Print only the lines below from the one with "Constant32/1 -> MATLAB Function7/6(kd_z)" to the one with "Constant54 : Constant", both included, exactly as they stand. Leave pictures out.

Collection entries:
━━━

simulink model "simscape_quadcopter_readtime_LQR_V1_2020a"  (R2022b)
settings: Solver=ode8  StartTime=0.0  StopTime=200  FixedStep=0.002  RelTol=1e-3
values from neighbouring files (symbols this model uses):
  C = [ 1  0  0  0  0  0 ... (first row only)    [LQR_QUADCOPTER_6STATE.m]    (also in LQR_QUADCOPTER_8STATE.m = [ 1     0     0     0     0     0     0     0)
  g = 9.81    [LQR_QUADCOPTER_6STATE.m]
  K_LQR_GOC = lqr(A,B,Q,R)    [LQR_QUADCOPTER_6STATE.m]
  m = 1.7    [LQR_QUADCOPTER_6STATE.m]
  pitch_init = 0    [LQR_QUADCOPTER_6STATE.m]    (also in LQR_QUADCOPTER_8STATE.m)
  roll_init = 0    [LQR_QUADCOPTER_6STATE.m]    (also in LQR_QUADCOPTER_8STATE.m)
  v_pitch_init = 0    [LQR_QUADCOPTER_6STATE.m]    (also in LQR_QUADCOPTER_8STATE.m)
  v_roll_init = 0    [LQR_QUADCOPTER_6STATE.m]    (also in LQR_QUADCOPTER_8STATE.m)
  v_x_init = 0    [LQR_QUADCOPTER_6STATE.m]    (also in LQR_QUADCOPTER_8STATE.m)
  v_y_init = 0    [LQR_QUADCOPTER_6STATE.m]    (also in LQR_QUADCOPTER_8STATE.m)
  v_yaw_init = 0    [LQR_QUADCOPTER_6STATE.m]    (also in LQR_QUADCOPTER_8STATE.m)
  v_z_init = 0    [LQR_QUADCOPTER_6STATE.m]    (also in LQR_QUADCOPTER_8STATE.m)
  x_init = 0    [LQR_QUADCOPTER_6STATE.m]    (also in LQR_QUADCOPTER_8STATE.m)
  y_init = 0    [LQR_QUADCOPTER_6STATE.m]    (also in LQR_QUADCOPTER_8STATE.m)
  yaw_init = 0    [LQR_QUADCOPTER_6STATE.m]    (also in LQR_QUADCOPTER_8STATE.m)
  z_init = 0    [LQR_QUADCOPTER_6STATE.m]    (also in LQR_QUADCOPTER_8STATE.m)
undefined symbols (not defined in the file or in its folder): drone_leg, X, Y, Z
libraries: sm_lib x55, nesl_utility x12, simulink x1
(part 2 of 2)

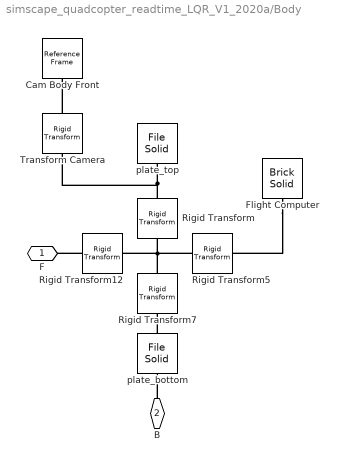
== system simscape_quadcopter_readtime_LQR_V1_2020a/Body ==
  Cam Body Front : sm_lib/Frames and Transforms/Reference Frame
  Flight Computer : sm_lib/Body Elements/Brick Solid  GraphicAmbientColor=[0.15 0.15 0.15 1.0]  BasedOnType=Mass  BrickDimensions=3*[20 20 5]  BrickDimensionUnits=mm  CenterOfMass=[0 0 0]  CenterOfMassUnits=m  GraphicDiffuseColor=[0.5 0.5 0.5]  Density=1000  DensityUnits=kg/m^3  DoExposeReferenceFrame=on  GraphicEmissiveColor=[0.0 0.0 0.0 1.0]  ExportEntireGeometry=off  SerializedFrames=<Frames/>  MarkerShape=Sphere  MarkerSize=10  GraphicType=FromGeometry  InertiaType=CalculateFromGeometry  Mass=638  MassUnits=g  MomentsOfInertia=[1 1 1]  MomentsOfInertiaUnits=kg*m^2  GraphicOpacity=1.0  ProductsOfInertia=[0 0 0]  ProductsOfInertiaUnits=kg*m^2  GraphicShininess=75  GraphicSpecularColor=[0.5 0.5 0.5 1.0]  GraphicVisPropType=SimpleVisualProperties
  Rigid Transform : sm_lib/Frames and Transforms/Rigid Transform  TranslationMethod=None  TranslationStandardOffset=0  TranslationLengthUnit=m  TranslationStandardAxis=+Z  TranslationCartesianOffset=[0 0 0]  TranslationROffset=0  TranslationROffsetUnits=m  TranslationZOffset=0  TranslationZOffsetUnits=m  TranslationThetaOffset=0  TranslationThetaOffsetUnits=deg  RotationMethod=None  RotationAngleUnits=deg  RotationStandardAxis=+Z  RotationAngle=45  RotationArbitraryAxis=[0 0 1]  FollAlignAxisA=+X  BaseAlignAxisA=+Y  FollAlignAxisB=+Y  BaseAlignAxisB=+Z  RotationSequenceAxes=FollowerAxes  RotationSequence=XYX  RotationSequenceAngles=[0 0 0]  RotationSequenceAnglesUnits=deg  RotationMatrix=[1 0 0; 0 1 0; 0 0 1]  Quaternion=[1 0 0 0]
  Rigid Transform12 : sm_lib/Frames and Transforms/Rigid Transform  TranslationMethod=Cartesian  TranslationStandardOffset=0  TranslationLengthUnit=mm  TranslationStandardAxis=+Z  TranslationCartesianOffset=[0 0 -26]  TranslationROffset=0  TranslationROffsetUnits=m  TranslationZOffset=0  TranslationZOffsetUnits=m  TranslationThetaOffset=0  TranslationThetaOffsetUnits=deg  RotationMethod=None  RotationAngleUnits=deg  RotationStandardAxis=+Z  RotationAngle=45  RotationArbitraryAxis=[0 0 1]  FollAlignAxisA=+X  BaseAlignAxisA=+Y  FollAlignAxisB=+Y  BaseAlignAxisB=+Z  RotationSequenceAxes=FollowerAxes  RotationSequence=XYX  RotationSequenceAngles=[0 0 0]  RotationSequenceAnglesUnits=deg  RotationMatrix=[1 0 0; 0 1 0; 0 0 1]  Quaternion=[1 0 0 0]
  Rigid Transform5 : sm_lib/Frames and Transforms/Rigid Transform  TranslationMethod=Cartesian  TranslationStandardOffset=0  TranslationLengthUnit=mm  TranslationStandardAxis=+Z  TranslationCartesianOffset=[0 0 -26]  TranslationROffset=0  TranslationROffsetUnits=m  TranslationZOffset=0  TranslationZOffsetUnits=m  TranslationThetaOffset=0  TranslationThetaOffsetUnits=deg  RotationMethod=None  RotationAngleUnits=deg  RotationStandardAxis=+Z  RotationAngle=45  RotationArbitraryAxis=[0 0 1]  FollAlignAxisA=+X  BaseAlignAxisA=+Y  FollAlignAxisB=+Y  BaseAlignAxisB=+Z  RotationSequenceAxes=FollowerAxes  RotationSequence=XYX  RotationSequenceAngles=[0 0 0]  RotationSequenceAnglesUnits=deg  RotationMatrix=[1 0 0; 0 1 0; 0 0 1]  Quaternion=[1 0 0 0]
  Rigid Transform7 : sm_lib/Frames and Transforms/Rigid Transform  TranslationMethod=Cartesian  TranslationStandardOffset=0  TranslationLengthUnit=mm  TranslationStandardAxis=+Z  TranslationCartesianOffset=[0 0 -38]  TranslationROffset=0  TranslationROffsetUnits=m  TranslationZOffset=0  TranslationZOffsetUnits=m  TranslationThetaOffset=0  TranslationThetaOffsetUnits=deg  RotationMethod=None  RotationAngleUnits=deg  RotationStandardAxis=+Z  RotationAngle=45  RotationArbitraryAxis=[0 0 1]  FollAlignAxisA=+X  BaseAlignAxisA=+Y  FollAlignAxisB=+Y  BaseAlignAxisB=+Z  RotationSequenceAxes=FollowerAxes  RotationSequence=XYX  RotationSequenceAngles=[0 0 0]  RotationSequenceAnglesUnits=deg  RotationMatrix=[1 0 0; 0 1 0; 0 0 1]  Quaternion=[1 0 0 0]
  Transform Camera : sm_lib/Frames and Transforms/Rigid Transform  TranslationMethod=Cartesian  TranslationStandardOffset=0  TranslationLengthUnit=m  TranslationStandardAxis=+Z  TranslationCartesianOffset=[0.06 0 0]  TranslationROffset=0  TranslationROffsetUnits=m  TranslationZOffset=0  TranslationZOffsetUnits=m  TranslationThetaOffset=0  TranslationThetaOffsetUnits=deg  RotationMethod=None  RotationAngleUnits=deg  RotationStandardAxis=+Z  RotationAngle=0.0  RotationArbitraryAxis=[0 0 1]  FollAlignAxisA=+X  BaseAlignAxisA=+Y  FollAlignAxisB=+Y  BaseAlignAxisB=+Z  RotationSequenceAxes=FollowerAxes  RotationSequence=XYX  RotationSequenceAngles=[0 0 0]  RotationSequenceAnglesUnits=deg  RotationMatrix=[1 0 0; 0 1 0; 0 0 1]  Quaternion=[1 0 0 0]
  plate_bottom : sm_lib/Body Elements/File Solid  ExtGeomFileName=C:\Users\tridu\OneDrive\Máy tính\(1)\mohinh\quadcopter_simscape\Quadcopter-Simulation-master\Quadcopter-Simulation-master\CAD\Geometry\quadcopter_drone_plate_bottom.stp  UnitType=FromFile  ExtGeomFileUnits=m  StepReaderType=HEX  ExportConvexHullGeometry=off  InertiaType=Custom  Mass=0.0317292  MassUnits=kg  CenterOfMass=[9.57262e-08, 1.0716e-07, -1.47882e-10]  CenterOfMassUnits=m  MomentsOfInertia=[2.77785e-05, 2.75764e-05, 5.53432e-05]  MomentsOfInertiaUnits=kg*m^2  ProductsOfInertia=[-9.24719e-13, -9.71809e-13, 1.0181e-10]  ProductsOfInertiaUnits=kg*m^2  BasedOnType=Density  Density=1  DensityUnits=g/cm^3  DoExposeReferenceFrame=off  SerializedFrames=<Frames><Frame><Id>Frame1</Id><Value><Name>Bot</Name><Origin><Source>GeometricFeature</Source><FeatureName>planar surface 33</FeatureName></Origin><PrimaryAxis><DefinedDirection>+Z</DefinedDirection><Source>ReferenceFrame</Source><SourceDirection>+Z</SourceDirection><FeatureName></FeatureName></PrimaryAxis><SecondaryAxis><DefinedDirection>+X</DefinedDirection><Source>ReferenceFrame</Source><SourceDirection>+Y</SourceDirection><FeatureName></FeatureName></SecondaryAxis></Value></Frame><Frame><Id>Frame2</Id><Value><Name>Top</Name><Origin><Source>ReferenceFrame</Source><FeatureName></FeatureName></Origin><PrimaryAxis><DefinedDirection>+Z</DefinedDirection><Source>ReferenceFrame</Source><SourceDirection>+Z</SourceDirection><FeatureName></FeatureName></PrimaryAxis><SecondaryAxis><DefinedDirection>+X</DefinedDirection><Source>ReferenceFrame</Source><SourceDirection>+Y</SourceDirection><FeatureName></FeatureName></SecondaryAxis></Value></Frame></Frames>  GraphicType=FromGeometry  MarkerShape=Sphere  MarkerSize=10  GraphicVisPropType=SimpleVisualProperties  GraphicDiffuseColor=[0.0 0.0 0.0]  GraphicSpecularColor=[0.5 0.5 0.5 1.0]  GraphicAmbientColor=[0.15 0.15 0.15 1.0]  GraphicEmissiveColor=[0.0 0.0 0.0 1.0]  GraphicShininess=75  GraphicOpacity=1.0
  "plate_top " : sm_lib/Body Elements/File Solid  ExtGeomFileName=C:\Users\tridu\OneDrive\Máy tính\(1)\mohinh\quadcopter_simscape\Quadcopter-Simulation-master\Quadcopter-Simulation-master\CAD\Geometry\quadcopter_drone_plate_top.stp  UnitType=FromFile  ExtGeomFileUnits=m  StepReaderType=HEX  ExportConvexHullGeometry=off  InertiaType=Custom  Mass=0.0317292  MassUnits=kg  CenterOfMass=[9.57262e-08, 1.0716e-07, -1.47882e-10]  CenterOfMassUnits=m  MomentsOfInertia=[2.77785e-05, 2.75764e-05, 5.53432e-05]  MomentsOfInertiaUnits=kg*m^2  ProductsOfInertia=[-9.24719e-13, -9.71809e-13, 1.0181e-10]  ProductsOfInertiaUnits=kg*m^2  BasedOnType=Density  Density=1  DensityUnits=g/cm^3  DoExposeReferenceFrame=on  SerializedFrames=<Frames/>  GraphicType=FromGeometry  MarkerShape=Sphere  MarkerSize=10  GraphicVisPropType=SimpleVisualProperties  GraphicDiffuseColor=[0.0 0.0 0.0]  GraphicSpecularColor=[0.5 0.5 0.5 1.0]  GraphicAmbientColor=[0.15 0.15 0.15 1.0]  GraphicEmissiveColor=[0.0 0.0 0.0 1.0]  GraphicShininess=75  GraphicOpacity=1.0
  F : PMIOPort  Side=Right
  B : PMIOPort  Port=2  Side=Left
  connections:
  Flight Computer/RConn1 -- Rigid Transform5/RConn1
  Rigid Transform7/LConn1 -- Rigid Transform5/LConn1 -- Rigid Transform12/LConn1 -- Rigid Transform/LConn1
  plate_bottom/RConn1 -- Rigid Transform7/RConn1
  Rigid Transform12/RConn1 -- F/RConn1
  Rigid Transform/RConn1 -- Transform Camera/LConn1 -- "plate_top "/RConn1
  Transform Camera/RConn1 -- Cam Body Front/RConn1
  B/RConn1 -- plate_bottom/LConn1

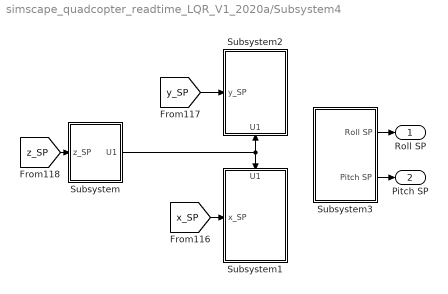
== system simscape_quadcopter_readtime_LQR_V1_2020a/Subsystem4 ==
  Subsystem : Subsystem
  Subsystem1 : Subsystem
      settings: PortSchema="{\"entries\":[{\"content\":{\"sides\":[{\"content\":{\"connectorIds\":[\"In1\"]},\"type\":\"ConnectorPlacement.EquallySpacedRectSide\",\"uuid\":\"62a51b67-9663-4f23-a0a7-17dd4d665e7c\"},{\"content\":{\"connectorIds\":[],\"side\":\"RIGHT\"},\"type\":\"ConnectorPlacement.EquallySpacedRectSide\",\"uuid\":\"9cf76029-abe2-4d70-b924-e49b8fca58fe\"},{\"content\":{\"connectorIds\":[\"In2\"],\"side\":\"TOP\"},\"type\":\"ConnectorPlacement.EquallySpacedRectSide\",\"uuid\":\"b4a1b99f-921e-474f-a2a2-454a2b8db441\"}]},\"type\":\"ConnectorPlacement.EquallySpacedConnector\",\"uuid\":\"20d905bc-00f9-441a-91aa-89485326b1f1\"}],\"packageUris\":[\"http://schema.mathworks.com/mf0/Connector/R2020b\"],\"version\":\"1.0\"}"
  Subsystem2 : Subsystem
      settings: PortSchema="{\"entries\":[{\"content\":{\"sides\":[{\"content\":{\"connectorIds\":[\"In1\"]},\"type\":\"ConnectorPlacement.EquallySpacedRectSide\",\"uuid\":\"62a51b67-9663-4f23-a0a7-17dd4d665e7c\"},{\"content\":{\"connectorIds\":[],\"side\":\"RIGHT\"},\"type\":\"ConnectorPlacement.EquallySpacedRectSide\",\"uuid\":\"9cf76029-abe2-4d70-b924-e49b8fca58fe\"},{\"content\":{\"connectorIds\":[],\"side\":\"TOP\"},\"type\":\"ConnectorPlacement.EquallySpacedRectSide\",\"uuid\":\"b4a1b99f-921e-474f-a2a2-454a2b8db441\"},{\"content\":{\"connectorIds\":[\"In2\"],\"side\":\"BOTTOM\"},\"type\":\"ConnectorPlacement.EquallySpacedRectSide\",\"uuid\":\"85e13e03-6c73-4551-a07f-9b1bfbaf7196\"}]},\"type\":\"ConnectorPlacement.EquallySpacedConnector\",\"uuid\":\"20d905bc-00f9-441a-91aa-89485326b1f1\"}],\"packageUris\":[\"http://schema.mathworks.com/mf0/Connector/R2020b\"],\"version\":\"1.0\"}"
  Subsystem3 : Subsystem
  Roll SP : Outport
  Pitch SP : Outport  Port=2
  wires:
  Subsystem3/2(Pitch SP) -> Pitch SP/1
  [z_SP] -> Subsystem/1(z_SP)
  [y_SP] -> Subsystem2/1(y_SP)
  Subsystem3/1(Roll SP) -> Roll SP/1
  [x_SP] -> Subsystem1/1(x_SP)
  Subsystem/1(U1) -> Subsystem1/2(U1), Subsystem2/2(U1)

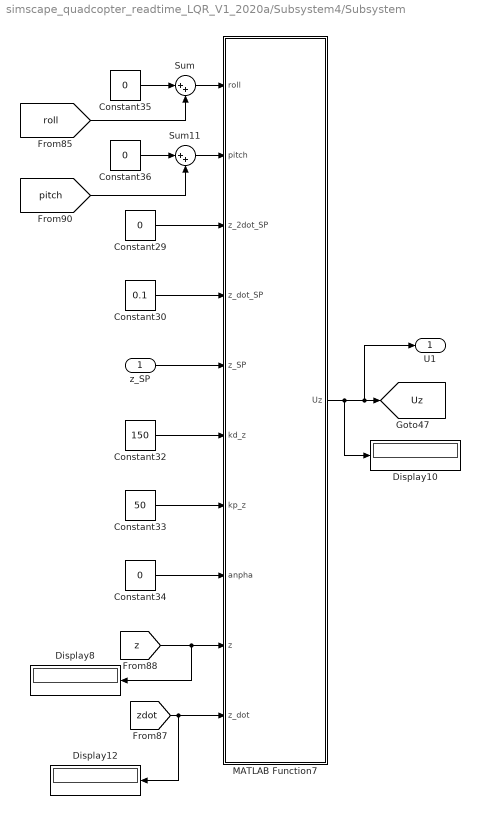
== system simscape_quadcopter_readtime_LQR_V1_2020a/Subsystem4/Subsystem ==
  z_SP : Inport
  Constant{29,34..36} (4 alike) : Constant  Value=0
  Constant30 : Constant  Value=0.1
  Constant32 : Constant  Value=150
  Constant33 : Constant  Value=50
  Display10 : Display
  Display12 : Display
  Display8 : Display
  MATLAB Function7 : MATLAB Function  TreatAsAtomicUnit=on
  Sum : Sum  Inputs=|++
  Sum11 : Sum  Inputs=|++
  U1 : Outport
  tag scope: Uz=global
  wires:
  [z] -> Display8/1, MATLAB Function7/9(z)
  Constant35/1 -> Sum/1
  Constant29/1 -> MATLAB Function7/3(z_2dot_SP)
  Constant32/1 -> MATLAB Function7/6(kd_z)
  Constant30/1 -> MATLAB Function7/4(z_dot_SP)
  [zdot] -> Display12/1, MATLAB Function7/10(z_dot)
  Sum11/1 -> MATLAB Function7/2(pitch)
  [roll] -> Sum/2
  Constant34/1 -> MATLAB Function7/8(anpha)
  Constant33/1 -> MATLAB Function7/7(kp_z)
  [pitch] -> Sum11/2
  Sum/1 -> MATLAB Function7/1(roll)
  MATLAB Function7/1(Uz) -> Display10/1, U1/1, [Uz]
  Constant36/1 -> Sum11/1
  z_SP/1 -> MATLAB Function7/5(z_SP)

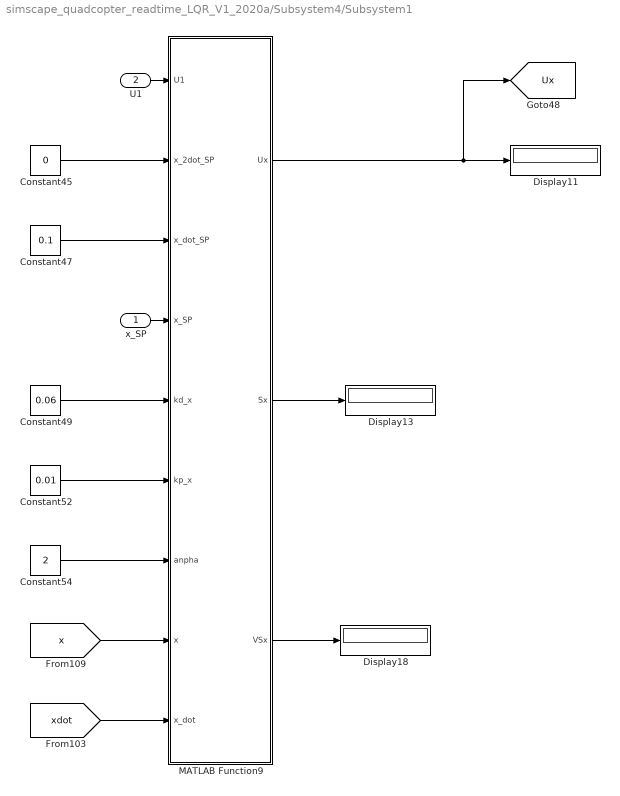
== system simscape_quadcopter_readtime_LQR_V1_2020a/Subsystem4/Subsystem1 ==
  x_SP : Inport
  U1 : Inport  Port=2
  Constant45 : Constant  Value=0
  Constant47 : Constant  Value=0.1
  Constant49 : Constant  Value=0.06
  Constant52 : Constant  Value=0.01
  Constant54 : Constant  Value=2
  Display11 : Display
  Display13 : Display
  Display18 : Display
  MATLAB Function9 : MATLAB Function  TreatAsAtomicUnit=on
  tag scope: Ux=global
  wires:
  Constant49/1 -> MATLAB Function9/5(kd_x)
  Constant54/1 -> MATLAB Function9/7(anpha)
  U1/1 -> MATLAB Function9/1(U1)
  MATLAB Function9/3(VSx) -> Display18/1
  MATLAB Function9/2(Sx) -> Display13/1
  [x] -> MATLAB Function9/8(x)
  Constant52/1 -> MATLAB Function9/6(kp_x)
  [xdot] -> MATLAB Function9/9(x_dot)
  Constant45/1 -> MATLAB Function9/2(x_2dot_SP)
  Constant47/1 -> MATLAB Function9/3(x_dot_SP)
  x_SP/1 -> MATLAB Function9/4(x_SP)
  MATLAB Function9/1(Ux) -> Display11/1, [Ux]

━━━

- **Exercise response**:
  Constant32/1 -> MATLAB Function7/6(kd_z)
  Constant30/1 -> MATLAB Function7/4(z_dot_SP)
  [zdot] -> Display12/1, MATLAB Function7/10(z_dot)
  Sum11/1 -> MATLAB Function7/2(pitch)
  [roll] -> Sum/2
  Constant34/1 -> MATLAB Function7/8(anpha)
  Constant33/1 -> MATLAB Function7/7(kp_z)
  [pitch] -> Sum11/2
  Sum/1 -> MATLAB Function7/1(roll)
  MATLAB Function7/1(Uz) -> Display10/1, U1/1, [Uz]
  Constant36/1 -> Sum11/1
  z_SP/1 -> MATLAB Function7/5(z_SP)

== system simscape_quadcopter_readtime_LQR_V1_2020a/Subsystem4/Subsystem1 ==
  x_SP : Inport
  U1 : Inport  Port=2
  Constant45 : Constant  Value=0
  Constant47 : Constant  Value=0.1
  Constant49 : Constant  Value=0.06
  Constant52 : Constant  Value=0.01
  Constant54 : Constant  Value=2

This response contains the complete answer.